(INPUT RECORDS)

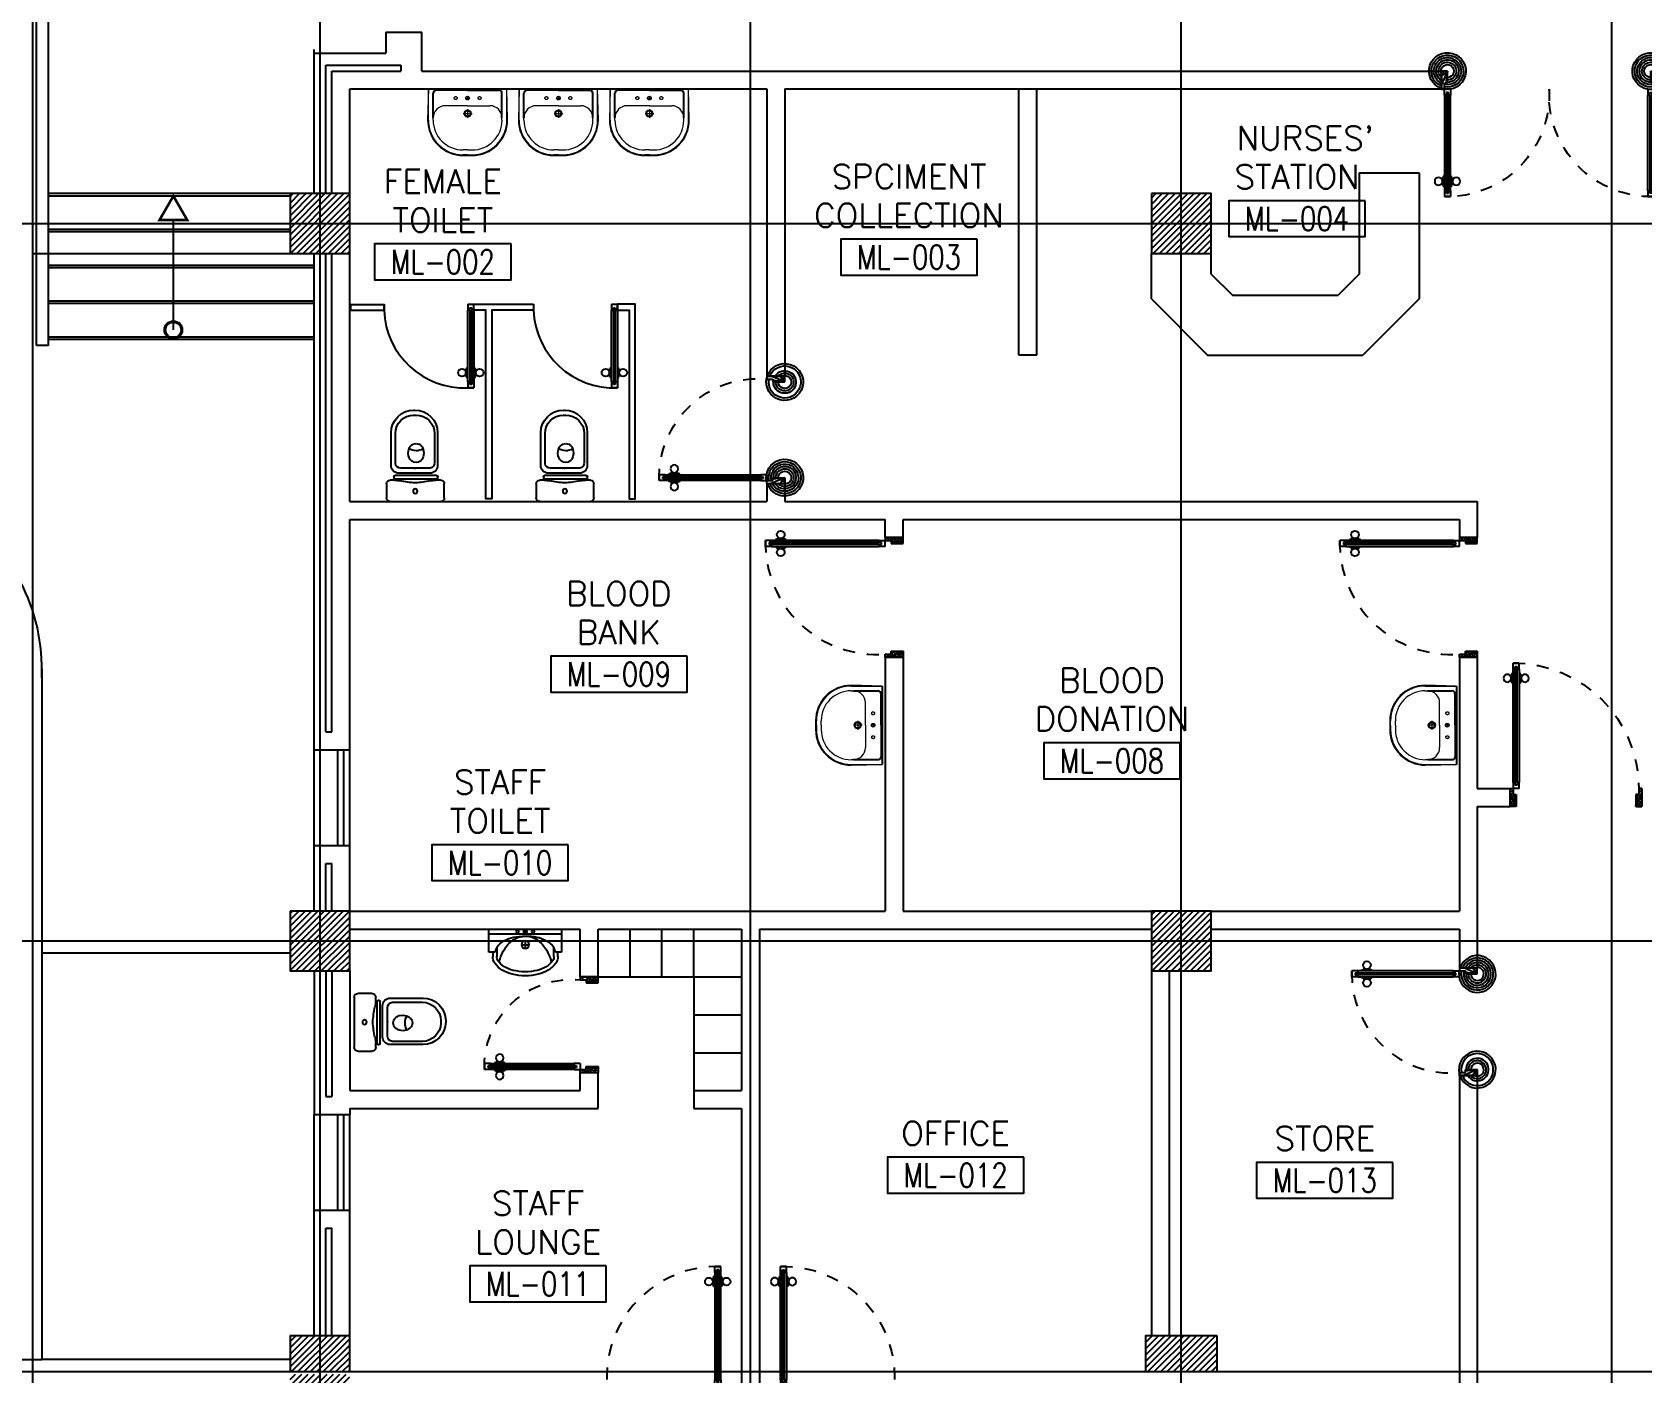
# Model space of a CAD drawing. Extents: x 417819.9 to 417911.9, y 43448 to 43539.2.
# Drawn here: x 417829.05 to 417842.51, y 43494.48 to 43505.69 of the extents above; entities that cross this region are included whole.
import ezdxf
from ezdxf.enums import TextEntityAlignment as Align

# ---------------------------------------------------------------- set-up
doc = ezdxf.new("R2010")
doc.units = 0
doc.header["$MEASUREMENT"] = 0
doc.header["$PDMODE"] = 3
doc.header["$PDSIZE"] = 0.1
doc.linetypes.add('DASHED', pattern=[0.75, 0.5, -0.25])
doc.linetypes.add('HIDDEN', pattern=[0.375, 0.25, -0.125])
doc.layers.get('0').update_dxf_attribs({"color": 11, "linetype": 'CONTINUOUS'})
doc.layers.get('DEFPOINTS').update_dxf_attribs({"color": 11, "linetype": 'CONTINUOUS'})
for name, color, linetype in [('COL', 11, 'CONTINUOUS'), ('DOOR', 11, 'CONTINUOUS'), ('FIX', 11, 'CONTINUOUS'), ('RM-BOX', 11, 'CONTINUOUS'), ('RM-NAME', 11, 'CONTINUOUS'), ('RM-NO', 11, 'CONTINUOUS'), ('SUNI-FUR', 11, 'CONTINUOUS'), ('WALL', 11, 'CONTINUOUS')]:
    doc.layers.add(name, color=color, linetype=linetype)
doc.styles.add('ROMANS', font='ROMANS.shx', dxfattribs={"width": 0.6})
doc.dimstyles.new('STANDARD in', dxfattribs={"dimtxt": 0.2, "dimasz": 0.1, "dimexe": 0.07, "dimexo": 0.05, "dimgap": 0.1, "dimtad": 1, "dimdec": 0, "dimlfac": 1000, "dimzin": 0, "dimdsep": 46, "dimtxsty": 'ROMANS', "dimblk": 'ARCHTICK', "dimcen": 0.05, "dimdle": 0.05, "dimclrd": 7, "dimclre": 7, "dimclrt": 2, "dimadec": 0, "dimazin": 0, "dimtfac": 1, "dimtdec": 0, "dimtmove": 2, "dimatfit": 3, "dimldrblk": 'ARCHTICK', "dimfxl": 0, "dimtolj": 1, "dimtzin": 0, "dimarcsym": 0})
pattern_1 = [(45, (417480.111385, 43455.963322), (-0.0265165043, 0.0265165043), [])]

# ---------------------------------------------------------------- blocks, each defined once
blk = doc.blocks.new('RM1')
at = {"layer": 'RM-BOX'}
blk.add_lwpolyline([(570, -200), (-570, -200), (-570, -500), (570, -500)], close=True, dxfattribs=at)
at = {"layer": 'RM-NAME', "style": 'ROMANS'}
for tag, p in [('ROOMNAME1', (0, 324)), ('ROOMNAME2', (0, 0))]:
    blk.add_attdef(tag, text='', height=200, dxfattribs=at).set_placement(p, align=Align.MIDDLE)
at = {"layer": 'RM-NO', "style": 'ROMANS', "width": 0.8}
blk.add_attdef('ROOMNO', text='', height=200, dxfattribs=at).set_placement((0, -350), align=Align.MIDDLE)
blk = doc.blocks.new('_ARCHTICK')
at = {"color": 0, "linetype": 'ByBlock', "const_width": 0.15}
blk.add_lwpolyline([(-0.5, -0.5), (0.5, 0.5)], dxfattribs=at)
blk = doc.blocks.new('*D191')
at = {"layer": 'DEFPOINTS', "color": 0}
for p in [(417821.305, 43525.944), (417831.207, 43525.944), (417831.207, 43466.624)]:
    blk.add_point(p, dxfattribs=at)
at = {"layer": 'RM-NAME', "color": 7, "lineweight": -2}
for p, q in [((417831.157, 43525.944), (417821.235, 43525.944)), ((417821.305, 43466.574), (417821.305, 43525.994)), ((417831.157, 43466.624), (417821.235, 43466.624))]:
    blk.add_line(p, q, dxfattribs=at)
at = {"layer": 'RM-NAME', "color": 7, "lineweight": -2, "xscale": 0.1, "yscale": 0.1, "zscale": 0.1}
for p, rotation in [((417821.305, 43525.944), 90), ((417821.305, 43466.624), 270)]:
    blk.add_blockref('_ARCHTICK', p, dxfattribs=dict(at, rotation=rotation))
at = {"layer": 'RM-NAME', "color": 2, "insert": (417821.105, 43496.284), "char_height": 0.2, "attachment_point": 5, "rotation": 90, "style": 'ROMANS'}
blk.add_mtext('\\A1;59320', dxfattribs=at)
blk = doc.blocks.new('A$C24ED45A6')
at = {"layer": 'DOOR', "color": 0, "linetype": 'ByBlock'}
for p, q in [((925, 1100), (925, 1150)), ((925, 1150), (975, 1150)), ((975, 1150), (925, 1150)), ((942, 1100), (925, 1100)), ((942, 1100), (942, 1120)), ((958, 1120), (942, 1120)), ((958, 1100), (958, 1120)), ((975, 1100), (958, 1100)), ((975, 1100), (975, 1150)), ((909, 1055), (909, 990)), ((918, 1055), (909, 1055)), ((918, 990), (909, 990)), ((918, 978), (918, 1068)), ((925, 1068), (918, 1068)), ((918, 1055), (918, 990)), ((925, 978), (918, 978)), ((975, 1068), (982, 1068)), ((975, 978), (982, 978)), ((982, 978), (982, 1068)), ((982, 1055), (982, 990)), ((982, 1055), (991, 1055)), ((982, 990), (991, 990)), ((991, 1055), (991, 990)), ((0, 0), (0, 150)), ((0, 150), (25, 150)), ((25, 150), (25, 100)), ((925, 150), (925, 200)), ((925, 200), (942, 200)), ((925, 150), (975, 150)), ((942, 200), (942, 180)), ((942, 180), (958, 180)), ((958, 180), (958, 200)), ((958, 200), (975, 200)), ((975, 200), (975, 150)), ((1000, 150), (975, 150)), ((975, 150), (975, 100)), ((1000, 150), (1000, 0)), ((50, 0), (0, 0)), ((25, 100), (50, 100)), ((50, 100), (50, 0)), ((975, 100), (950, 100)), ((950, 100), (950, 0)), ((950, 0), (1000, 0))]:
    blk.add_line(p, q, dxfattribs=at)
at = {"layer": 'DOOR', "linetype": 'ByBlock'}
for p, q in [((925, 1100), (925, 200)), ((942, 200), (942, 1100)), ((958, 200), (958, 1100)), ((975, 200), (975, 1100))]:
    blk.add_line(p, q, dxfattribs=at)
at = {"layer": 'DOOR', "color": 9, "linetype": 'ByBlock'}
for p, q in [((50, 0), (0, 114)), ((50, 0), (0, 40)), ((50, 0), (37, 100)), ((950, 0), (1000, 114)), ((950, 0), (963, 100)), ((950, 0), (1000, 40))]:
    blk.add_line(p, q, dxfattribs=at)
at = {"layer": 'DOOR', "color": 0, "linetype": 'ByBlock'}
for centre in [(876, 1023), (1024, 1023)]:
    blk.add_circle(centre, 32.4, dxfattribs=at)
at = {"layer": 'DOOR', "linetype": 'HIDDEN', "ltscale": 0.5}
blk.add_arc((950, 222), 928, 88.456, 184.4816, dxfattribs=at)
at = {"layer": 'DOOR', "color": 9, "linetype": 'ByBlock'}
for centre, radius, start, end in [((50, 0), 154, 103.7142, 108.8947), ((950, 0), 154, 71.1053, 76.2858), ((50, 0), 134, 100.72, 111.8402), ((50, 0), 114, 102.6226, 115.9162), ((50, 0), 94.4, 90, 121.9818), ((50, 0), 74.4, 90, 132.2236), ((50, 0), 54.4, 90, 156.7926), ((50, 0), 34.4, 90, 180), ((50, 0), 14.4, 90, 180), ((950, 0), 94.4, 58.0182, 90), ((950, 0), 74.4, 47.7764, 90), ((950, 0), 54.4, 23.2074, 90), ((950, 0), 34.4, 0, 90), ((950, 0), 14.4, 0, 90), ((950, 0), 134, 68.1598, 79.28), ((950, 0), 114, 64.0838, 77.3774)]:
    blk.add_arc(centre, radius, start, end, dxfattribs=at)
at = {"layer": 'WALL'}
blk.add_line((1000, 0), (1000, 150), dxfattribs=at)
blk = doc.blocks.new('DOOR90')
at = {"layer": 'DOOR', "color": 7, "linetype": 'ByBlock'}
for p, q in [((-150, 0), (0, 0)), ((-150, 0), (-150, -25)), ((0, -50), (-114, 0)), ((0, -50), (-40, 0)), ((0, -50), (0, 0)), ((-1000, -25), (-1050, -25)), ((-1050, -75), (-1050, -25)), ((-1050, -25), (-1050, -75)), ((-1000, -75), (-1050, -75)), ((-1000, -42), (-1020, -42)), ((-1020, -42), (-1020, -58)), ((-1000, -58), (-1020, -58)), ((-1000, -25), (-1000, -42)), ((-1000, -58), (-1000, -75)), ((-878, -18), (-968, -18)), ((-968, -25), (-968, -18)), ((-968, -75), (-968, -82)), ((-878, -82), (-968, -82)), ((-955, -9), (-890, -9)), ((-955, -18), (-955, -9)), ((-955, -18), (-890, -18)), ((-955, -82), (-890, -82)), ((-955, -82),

(End INPUT RECORDS)

* **ABOUT THIS TASK**:
Write out the lines of the material above exactly, from its first line through the line that contains "doc.linetypes.add('HIDDEN', pattern=[0.375, 0.25, -0.125])", so that no picture appears in the copy.

* **SOLVED EXERCISE**:
# Model space of a CAD drawing. Extents: x 417819.9 to 417911.9, y 43448 to 43539.2.
# Drawn here: x 417829.05 to 417842.51, y 43494.48 to 43505.69 of the extents above; entities that cross this region are included whole.
import ezdxf
from ezdxf.enums import TextEntityAlignment as Align

# ---------------------------------------------------------------- set-up
doc = ezdxf.new("R2010")
doc.units = 0
doc.header["$MEASUREMENT"] = 0
doc.header["$PDMODE"] = 3
doc.header["$PDSIZE"] = 0.1
doc.linetypes.add('DASHED', pattern=[0.75, 0.5, -0.25])
doc.linetypes.add('HIDDEN', pattern=[0.375, 0.25, -0.125])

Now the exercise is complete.